Liquidation volume hit a new high with $20M collateral seized. Over 8,000 liquidation events were recorded, impacting nearly 1,700 wallets - slightly above February 2025 levels but contained given the drawdown’s scale.

Kamino’s liquidation system performed smoothly. More than 110 liquidators were active during the event, helping maintain pool solvency. They earned a total of $260k in fees, with a median fee of just 0.07% of the affected position size, reflecting cost efficiency.

Interest rates spiked briefly in response to market stress. Notably, USDC borrow rates surged to 45%, despite being the most liquid stablecoin across Kamino. Recently launched CASH reached 35%, while other stablecoins peaked near 10%. SOL borrow rates also saw a short-term jump to around 10%. Rates normalized quickly, reflecting protocol stability and user rebalancing efforts - underscoring why borrow/lend outperformed perps during the chaos.

Deep Dive into Liquidations

The majority of liquidations occurred in the Main Market ($16M), followed by Fartcoin ($1.7M), JLP ($1.3M), and the Altcoin Market ($666k). SOL long positions dominated, with 58% of seized collateral in SOL and 9.4% in JitoSOL. On the debt side, USDC accounted for 76% of repaid positions, followed by USDG at 9.5%.

These patterns reflect a healthy liquidation flow - anchored by SOL as the most liquid collateral and USDC as the most liquid borrowed asset - minimizing systemic risk during sharp sell-offs.

Only a handful of large accounts accounted for a disproportionate share of liquidations. The top 5 wallets represented 30% of total collateral seized. Just 23 wallets had more than $200k in liquidated collateral, and only 39 exceeded $100k. This highlights the effectiveness of Kamino’s partial liquidation model in preventing over-liquidation. Some users may have even opted to ride out the volatility rather than intervene.

Liquidation activity was distributed across a broad ecosystem of liquidators. A total of 114 participants took part in clearing risky positions. Of these, 4 liquidators each processed more than $1M in seized collateral, and 28 handled over $100k.

This marks a significant increase in participation since the last major liquidation event in April. In total, liquidators earned $260k in fees, 14% less than in April, while handling 16% more collateral. This suggests greater operational efficiency and improved alignment of incentives between protocol safety and cost-effectiveness.
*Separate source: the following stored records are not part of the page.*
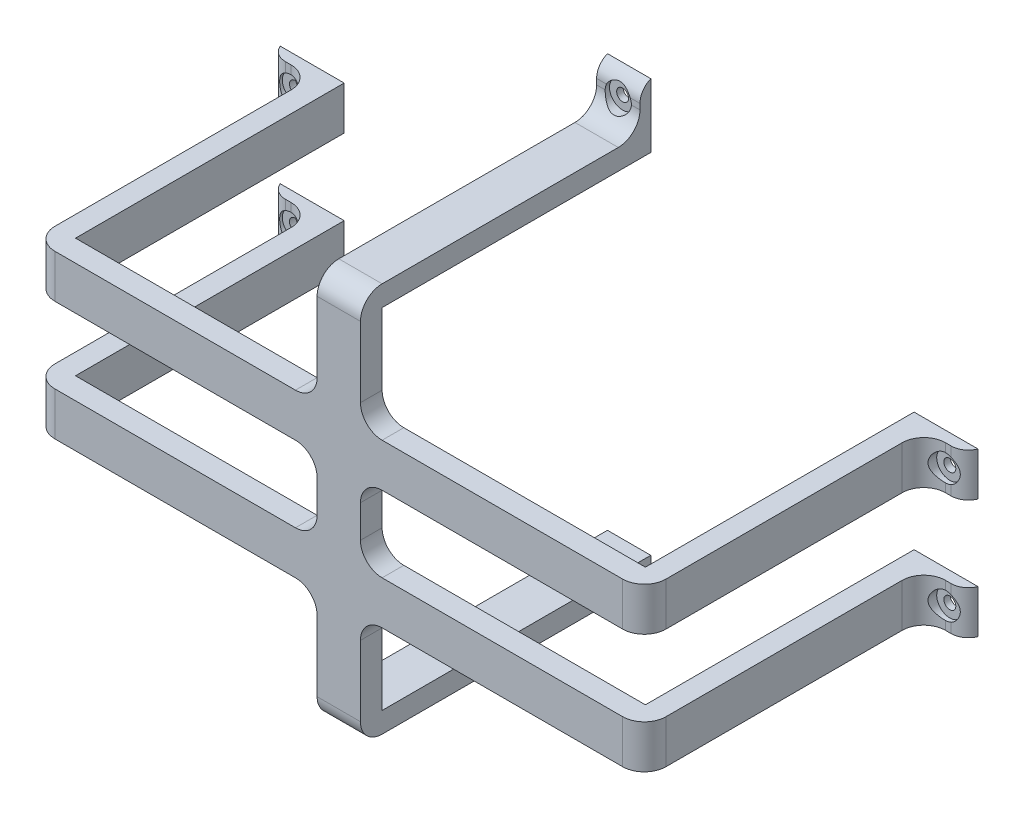
SolidWorks part; units mm, degrees
ref_plane "Front Plane" through (0, 0, 0) normal (0, 0, 1) x (1, 0, 0)
ref_plane "Top Plane" through (0, 0, 0) normal (0, 1, 0) x (1, 0, 0)
ref_plane "Right Plane" through (0, 0, 0) normal (1, 0, 0) x (0, 0, -1)
sketch "Sketch1" plane through (0, 0, 0) normal (0, 0, 1) x (1, 0, 0)
  line L0 (-256.0299, 114.9201) -> (-236.0299, 114.9201)
  line L1 (-236.0299, 114.9201) -> (-236.0299, 62.4201)
  line L2 (-236.0299, 62.4201) -> (-105.0299, 62.4201)
  line L3 (-105.0299, 62.4201) -> (-105.0299, 42.4201)
  line L4 (-105.0299, 42.4201) -> (-236.0299, 42.4201)
  line L5 (-236.0299, 42.4201) -> (-236.0299, 7.4201)
  line L6 (-236.0299, 7.4201) -> (-105.0299, 7.4201)
  line L7 (-105.0299, 7.4201) -> (-105.0299, -12.5799)
  line L8 (-105.0299, -12.5799) -> (-236.0299, -12.5799)
  line L9 (-236.0299, -12.5799) -> (-236.0299, -65.0799)
  line L10 (-236.0299, -65.0799) -> (-256.0299, -65.0799)
  line L11 (-256.0299, -65.0799) -> (-256.0299, -12.5799)
  line L12 (-256.0299, -12.5799) -> (-387.0299, -12.5799)
  line L13 (-387.0299, -12.5799) -> (-387.0299, 7.4201)
  line L14 (-387.0299, 7.4201) -> (-256.0299, 7.4201)
  line L15 (-256.0299, 7.4201) -> (-256.0299, 42.4201)
  line L16 (-256.0299, 42.4201) -> (-387.0299, 42.4201)
  line L17 (-387.0299, 42.4201) -> (-387.0299, 62.4201)
  line L18 (-387.0299, 62.4201) -> (-256.0299, 62.4201)
  line L19 (-256.0299, 62.4201) -> (-256.0299, 114.9201)
  line L20 (-115.0299, -55.0799) -> (-115.0299, 104.9201) construction
  line L21 (-122.0299, -55.0799) -> (-370.0299, -55.0799) construction
  line L22 (-370.0299, 104.9201) -> (-122.0299, 104.9201) construction
  line L23 (-377.0299, 104.9201) -> (-377.0299, -55.0799) construction
  dimension "D1" = 20
  dimension "D2" = 20
  dimension "D3" = 20
  dimension "D4" = 20
  dimension "D5" = 20
  dimension "D6" = 10
  dimension "D7" = 10
  dimension "D8" = 10
  dimension "D9" = 10
  dimension "D10" = 10
  dimension "D11" = 10
  dimension "D12" = 35
extrude "Boss-Extrude1" add sketch "Sketch1" along normal blind 10
sketch "Sketch4" plane through (0, 0, 0) normal (0, 0, -1) x (-1, 0, 0)
  line L0 (236.0299, -65.0799) -> (236.0299, -12.5799) construction
  line L1 (256.0299, -65.0799) -> (236.0299, -65.0799)
  line L2 (256.0299, -65.0799) -> (256.0299, -55.5799)
  line L3 (256.0299, -55.5799) -> (236.0299, -55.5799)
  line L4 (236.0299, -65.0799) -> (236.0299, -55.5799)
  line L5 (105.0299, 7.4201) -> (236.0299, 7.4201) construction
  line L6 (105.0299, -12.5799) -> (114.5299, -12.5799)
  line L7 (105.0299, -12.5799) -> (105.0299, 7.4201)
  line L8 (105.0299, 7.4201) -> (114.5299, 7.4201)
  line L9 (114.5299, -12.5799) -> (114.5299, 7.4201)
  line L10 (105.0299, 62.4201) -> (236.0299, 62.4201) construction
  line L11 (105.0299, 42.4201) -> (114.5299, 42.4201)
  line L12 (105.0299, 42.4201) -> (105.0299, 62.4201)
  line L13 (105.0299, 62.4201) -> (114.5299, 62.4201)
  line L14 (114.5299, 42.4201) -> (114.5299, 62.4201)
  line L15 (236.0299, 62.4201) -> (236.0299, 114.9201) construction
  line L16 (256.0299, 114.9201) -> (236.0299, 114.9201)
  line L17 (256.0299, 114.9201) -> (256.0299, 105.4201)
  line L18 (256.0299, 105.4201) -> (236.0299, 105.4201)
  line L19 (236.0299, 114.9201) -> (236.0299, 105.4201)
  line L20 (256.0299, 62.4201) -> (387.0299, 62.4201) construction
  line L21 (387.0299, 42.4201) -> (377.5299, 42.4201)
  line L22 (387.0299, 42.4201) -> (387.0299, 62.4201)
  line L23 (387.0299, 62.4201) -> (377.5299, 62.4201)
  line L24 (377.5299, 42.4201) -> (377.5299, 62.4201)
  line L25 (256.0299, 7.4201) -> (387.0299, 7.4201) construction
  line L26 (387.0299, -12.5799) -> (377.5299, -12.5799)
  line L27 (387.0299, -12.5799) -> (387.0299, 7.4201)
  line L28 (387.0299, 7.4201) -> (377.5299, 7.4201)
  line L29 (377.5299, -12.5799) -> (377.5299, 7.4201)
  dimension "D1" = 9.5
  dimension "D2" = 9.5
  dimension "D3" = 9.5
  dimension "D4" = 9.5
  dimension "D5" = 9.5
  dimension "D6" = 9.5
extrude "Boss-Extrude2" add sketch "Sketch4" along normal up to surface (123.9883 mm away)
sketch "Sketch6" plane through (0, 0, -123.9883) normal (0, 0, -1) x (-1, 0, 0)
  line L1 (105.0299, -12.5799) -> (85.0299, -12.5799)
  line L2 (105.0299, -12.5799) -> (105.0299, 7.4201)
  line L3 (105.0299, 7.4201) -> (85.0299, 7.4201)
  line L4 (85.0299, -12.5799) -> (85.0299, 7.4201)
  line L5 (105.0299, 42.4201) -> (85.0299, 42.4201)
  line L6 (105.0299, 42.4201) -> (105.0299, 62.4201)
  line L7 (105.0299, 62.4201) -> (85.0299, 62.4201)
  line L8 (85.0299, 42.4201) -> (85.0299, 62.4201)
  line L9 (256.0299, 114.9201) -> (236.0299, 114.9201)
  line L10 (256.0299, 114.9201) -> (256.0299, 134.9201)
  line L11 (256.0299, 134.9201) -> (236.0299, 134.9201)
  line L12 (236.0299, 114.9201) -> (236.0299, 134.9201)
  line L13 (387.0299, 62.4201) -> (407.0299, 62.4201)
  line L14 (387.0299, 62.4201) -> (387.0299, 42.4201)
  line L15 (387.0299, 42.4201) -> (407.0299, 42.4201)
  line L16 (407.0299, 62.4201) -> (407.0299, 42.4201)
  line L17 (387.0299, 7.4201) -> (407.0299, 7.4201)
  line L18 (387.0299, 7.4201) -> (387.0299, -12.5799)
  line L19 (387.0299, -12.5799) -> (407.0299, -12.5799)
  line L20 (407.0299, 7.4201) -> (407.0299, -12.5799)
  line L21 (256.0299, -65.0799) -> (236.0299, -65.0799)
  line L22 (256.0299, -65.0799) -> (256.0299, -85.0799)
  line L23 (256.0299, -85.0799) -> (236.0299, -85.0799)
  line L24 (236.0299, -65.0799) -> (236.0299, -85.0799)
  dimension "D1" = 20
  dimension "D2" = 20
  dimension "D3" = 20
  dimension "D4" = 20
  dimension "D5" = 20
  dimension "D6" = 20
  dimension "D7" = 20
  dimension "D8" = 20
  dimension "D9" = 20
  dimension "D10" = 20
  dimension "D11" = 20
  dimension "D12" = 20
extrude "Boss-Extrude3" add sketch "Sketch6" against normal blind 5
fillet "Fillet1" radius 10 6 edges at (-246.0299, -65.0799, -118.9883) (-387.0299, -2.5799, -118.9883) (-387.0299, 52.4201, -118.9883) (-105.0299, -2.5799, -118.9883) (-105.0299, 52.4201, -118.9883) (-246.0299, 114.9201, -118.9883)
sketch "Sketch7" plane through (0, 0, -118.9883) normal (0, 0, 1) x (1, 0, 0)
  line L0 (-256.0299, 134.9201) -> (-236.0299, 134.9201) construction
  line L1 (-407.0299, 42.4201) -> (-407.0299, 62.4201) construction
  line L2 (-95.0299, 62.4201) -> (-85.0299, 62.4201) construction
  line L3 (-85.0299, 62.4201) -> (-85.0299, 42.4201) construction
  line L4 (-236.0299, -85.0799) -> (-256.0299, -85.0799) construction
  line L5 (-95.0299, 7.4201) -> (-85.0299, 7.4201) construction
  line L7 (-256.0299, -85.0799) -> (-256.0299, -75.0799) construction
  circle A0 centre (-246.0299, 124.9201) radius 6.05
  circle A1 centre (-95.0299, 52.4201) radius 6.05
  circle A2 centre (-95.0299, -2.5799) radius 6.05
  circle A3 centre (-246.0299, -75.0799) radius 6.05
  circle A4 centre (-397.0299, -2.5799) radius 6.05
  circle A5 centre (-397.0299, 52.4201) radius 6.05
  point P14 (0, 0)
  point P15 (0, 0)
  point P20 (0, 0)
  point P21 (0, 0)
  point P22 (0, 0)
  point P23 (0, 0)
  point P26 (0, 0)
  point P31 (0, 0)
  dimension "D1" = 12.1
  dimension "D2" = 10
  dimension "D3" = 10
  dimension "D4" = 10
  dimension "D5" = 10
  dimension "D6" = 10
  dimension "D7" = 10
  dimension "D8" = 10
extrude "Cut-Extrude1" cut sketch "Sketch7" against normal mid plane 4
sketch "Sketch8" plane through (0, 0, -120.9883) normal (0, 0, 1) x (1, 0, 0)
  circle A0 centre (-246.0299, -75.0799) radius 2.75
  circle A1 centre (-397.0299, -2.5799) radius 2.75
  circle A2 centre (-397.0299, 52.4201) radius 2.75
  circle A3 centre (-246.0299, 124.9201) radius 2.75
  circle A4 centre (-95.0299, 52.4201) radius 2.75
  circle A5 centre (-95.0299, -2.5799) radius 2.75
  dimension "D1" = 5.5
extrude "Cut-Extrude2" cut sketch "Sketch8" against normal through all
fillet "Fillet2" radius 10 6 edges at (-246.0299, -65.0799, 10) (-105.0299, -2.5799, 10) (-105.0299, 52.4201, 10) (-246.0299, 114.9201, 10) (-387.0299, 52.4201, 10) (-387.0299, -2.5799, 10)
fillet "Fillet3" radius 10 8 edges at (-256.0299, 62.4201, 5) (-236.0299, 62.4201, 5) (-236.0299, 7.4201, 5) (-256.0299, 7.4201, 5) (-256.0299, 42.4201, 5) (-236.0299, 42.4201, 5) (-236.0299, -12.5799, 5) (-256.0299, -12.5799, 5)
fillet "Fillet4" radius 8 6 edges at (-246.0299, 134.9201, -118.9883) (-407.0299, 52.4201, -118.9883) (-407.0299, -2.5799, -118.9883) (-246.0299, -85.0799, -118.9883) (-85.0299, -2.5799, -118.9883) (-85.0299, 52.4201, -118.9883)
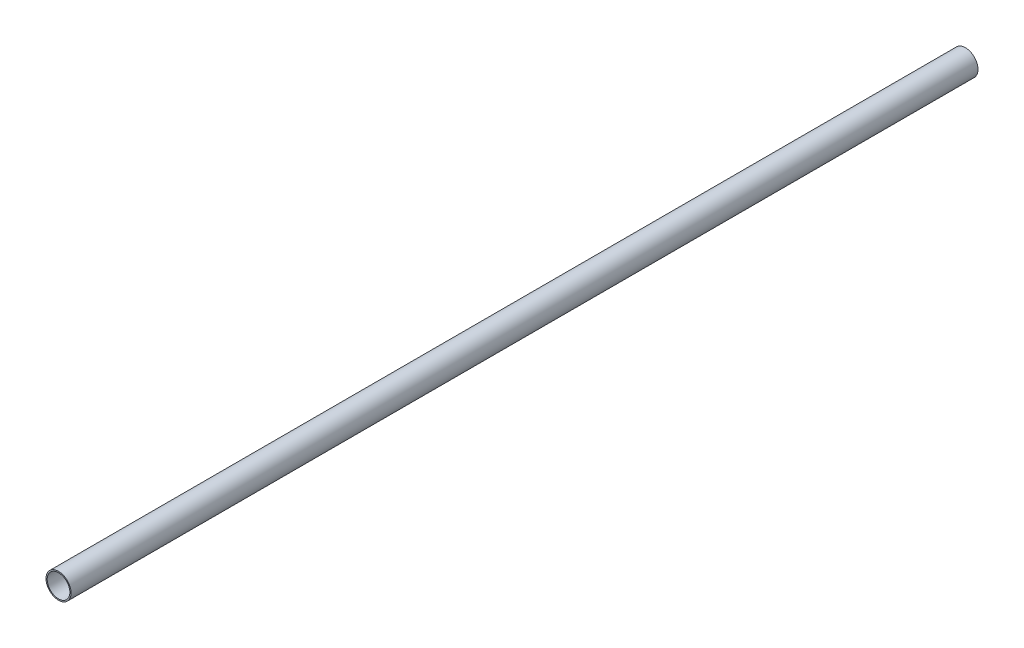
SolidWorks part; units mm, degrees
ref_plane "Front Plane" through (0, 0, 0) normal (0, 0, 1) x (1, 0, 0)
ref_plane "Top Plane" through (0, 0, 0) normal (0, 1, 0) x (1, 0, 0)
ref_plane "Right Plane" through (0, 0, 0) normal (1, 0, 0) x (0, 0, -1)
sketch "Sketch1" plane through (0, 0, 0) normal (0, 0, 1) x (1, 0, 0)
  circle A0 centre (0, 0) radius 0.375
  circle A1 centre (0, 0) radius 0.415
  dimension "D1" = 0.83
  dimension "D2" = 0.75
extrude "Boss-Extrude1" add sketch "Sketch1" along normal blind 30

:pushpin: Check out Allez’s Liquidation Dashboard for deeper exploration

Final Thoughts

Kamino’s risk infrastructure performed robustly under significant stress from the tariff-induced crash - the largest liquidation event in crypto history. The protocol absorbed the shock without incurring any bad debt, and all liquidations were contained to higher-risk accounts and markets. Lending pool solvency remained intact throughout, with Solana’s network proving superior to Ethereum’s in throughput and cost stability.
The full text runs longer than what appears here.